Saturday, September 24, 2016

The Beatles: Eight Days a Week (Brockway)

 Tropic Sprockets by Ian Brockway

The Beatles: Eight Days a Week

The Beatles, the supergroup consisting of John, Paul, George and Ringo, are a pop culture frequency and a digital music commodity, now marketed by iTunes. Their influence and vocabulary are ubiquitous and all encompassing, perhaps motivating Steve Jobs who named his computer company Apple, the same as The Beatles' recording entity. As fate would have it, the name as well as Steve Jobs's handling of The Beatle catalogue has led to numerous past lawsuits.

In 1964, however, The Beatles were just four young kids on tour. A new documentary by Ron Howard "The Beatles : Eight Days a Week", gives you a front row seat. It was a slower time with the iPhone decades away. Life was in black-and-white.  The Beatles came from Liverpool: art school students only wanting to play.

They wore leather jackets. One meeting from manager Brian Epstein changed everything. Epstein bought the boys dark suits and cut their hair in the shape of moppy bowls. The four became mirror images, doubled by two: Mod mannequins, ready to lead the young into a glib and spontaneous future.

Here are John and Paul, ultra-pale and grainy with always something to say, snappy with a quip. Most striking in the film are the enormous crowds. Huge ribbons of teen girls break down and tear at their hair, either from ecstasy or shock. Some faint and collapse to the ground, prostrate and overcome. The Beatles as a sound became a religious experience. Instead of giving psalms, John  and Paul, acoustic apostles, gave pratfalls and smiles. The four of them Chaplinesque clowns who wobble and shake without any premeditation.
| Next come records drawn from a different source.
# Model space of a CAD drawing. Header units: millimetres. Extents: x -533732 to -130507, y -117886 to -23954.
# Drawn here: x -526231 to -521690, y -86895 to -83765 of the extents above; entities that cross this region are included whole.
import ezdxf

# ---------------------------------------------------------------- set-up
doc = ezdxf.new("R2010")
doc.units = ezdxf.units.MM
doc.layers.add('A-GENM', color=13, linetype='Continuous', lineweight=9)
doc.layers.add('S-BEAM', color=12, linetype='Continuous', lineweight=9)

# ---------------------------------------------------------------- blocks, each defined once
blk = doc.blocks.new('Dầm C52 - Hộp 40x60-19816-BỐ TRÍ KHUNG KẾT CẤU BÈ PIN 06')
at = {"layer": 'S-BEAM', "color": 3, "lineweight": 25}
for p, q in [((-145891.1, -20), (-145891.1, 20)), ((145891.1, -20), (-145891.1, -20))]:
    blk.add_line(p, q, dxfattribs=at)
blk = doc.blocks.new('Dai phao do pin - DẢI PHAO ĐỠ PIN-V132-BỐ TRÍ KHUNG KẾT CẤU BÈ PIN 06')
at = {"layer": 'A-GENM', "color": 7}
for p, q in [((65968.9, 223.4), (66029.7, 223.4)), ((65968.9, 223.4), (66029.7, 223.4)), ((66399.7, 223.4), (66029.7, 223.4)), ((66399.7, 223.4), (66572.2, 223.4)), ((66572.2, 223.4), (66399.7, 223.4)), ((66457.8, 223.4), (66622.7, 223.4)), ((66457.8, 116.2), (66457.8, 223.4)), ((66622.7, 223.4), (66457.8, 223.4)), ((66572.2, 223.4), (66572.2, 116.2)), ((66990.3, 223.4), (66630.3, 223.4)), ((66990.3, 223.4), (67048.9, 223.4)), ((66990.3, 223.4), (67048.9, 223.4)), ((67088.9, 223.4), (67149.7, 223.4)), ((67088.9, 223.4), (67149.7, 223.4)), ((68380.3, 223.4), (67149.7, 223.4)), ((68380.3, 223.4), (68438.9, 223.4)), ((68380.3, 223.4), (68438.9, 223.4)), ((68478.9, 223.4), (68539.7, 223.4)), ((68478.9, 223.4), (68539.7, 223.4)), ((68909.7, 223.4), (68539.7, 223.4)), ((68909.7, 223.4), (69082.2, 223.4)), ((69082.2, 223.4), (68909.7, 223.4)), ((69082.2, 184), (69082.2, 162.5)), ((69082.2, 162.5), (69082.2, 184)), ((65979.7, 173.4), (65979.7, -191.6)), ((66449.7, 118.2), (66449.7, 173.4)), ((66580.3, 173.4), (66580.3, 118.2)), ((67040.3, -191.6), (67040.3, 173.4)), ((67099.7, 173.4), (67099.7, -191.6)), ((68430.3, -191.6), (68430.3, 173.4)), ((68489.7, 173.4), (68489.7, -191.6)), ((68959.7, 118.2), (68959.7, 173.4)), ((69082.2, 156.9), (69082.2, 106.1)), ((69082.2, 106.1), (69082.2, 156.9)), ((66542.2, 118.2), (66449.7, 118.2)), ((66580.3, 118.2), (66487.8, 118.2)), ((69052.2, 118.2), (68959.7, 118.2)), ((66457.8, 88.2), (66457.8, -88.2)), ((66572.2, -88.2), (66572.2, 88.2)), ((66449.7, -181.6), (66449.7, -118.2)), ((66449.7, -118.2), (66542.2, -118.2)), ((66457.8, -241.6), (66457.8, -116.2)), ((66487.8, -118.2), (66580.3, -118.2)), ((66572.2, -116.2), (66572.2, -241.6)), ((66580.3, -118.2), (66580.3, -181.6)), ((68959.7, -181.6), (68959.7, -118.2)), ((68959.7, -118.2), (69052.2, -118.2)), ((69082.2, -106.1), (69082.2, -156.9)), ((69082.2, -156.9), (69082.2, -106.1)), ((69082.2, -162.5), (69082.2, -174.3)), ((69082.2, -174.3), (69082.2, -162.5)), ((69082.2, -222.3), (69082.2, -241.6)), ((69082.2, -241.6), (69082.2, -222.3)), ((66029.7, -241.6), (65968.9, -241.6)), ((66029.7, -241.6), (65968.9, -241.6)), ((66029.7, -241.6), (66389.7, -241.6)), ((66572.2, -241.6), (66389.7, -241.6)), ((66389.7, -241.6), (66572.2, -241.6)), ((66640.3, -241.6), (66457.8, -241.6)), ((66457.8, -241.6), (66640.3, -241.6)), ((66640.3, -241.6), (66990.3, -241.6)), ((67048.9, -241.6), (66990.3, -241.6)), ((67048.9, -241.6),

Whoopi Goldberg tells of The Fab Four showing her the courage to be uniquely herself. Sigourney Weaver confesses her love for Paul. In its last quarter, the film has a sinister tone with the tour clearly getting to John. The four become aware of segregation along with The Right wanting to smash and burn their records. John said religion was passe and that The Beatles were more popular than Jesus.

John, the naughty apostle, suddenly stumbles and apologizes. This moment along with the endless multitudes of girls who tremble and shake in supplication, are  arguably the best segments in the film.

Above all, what you see is The Beatles circa 1964. John with a small white guitar, Paul with a gray one, George struming while Ringo bangs away. The music is metallic, clanking like an old motor, rolling and loud.

Behold The Band, laughing and gigging, vibrant in the joy of play. There are only small dabs of darkness here, but the traces are present. John gets edgy and yells at reporters. The trap door of psychadelia is close behind.

For some two hours though, millenials and Beatle-lensed Baby-Boomers alike can rejoice in "Eight Days a Week," glimpsing the birth of John, Paul, George and Ringo, a fledgling four in monochromatic threads who grew to give us a new and colorful sound.

Such smiling percussion is bittersweet.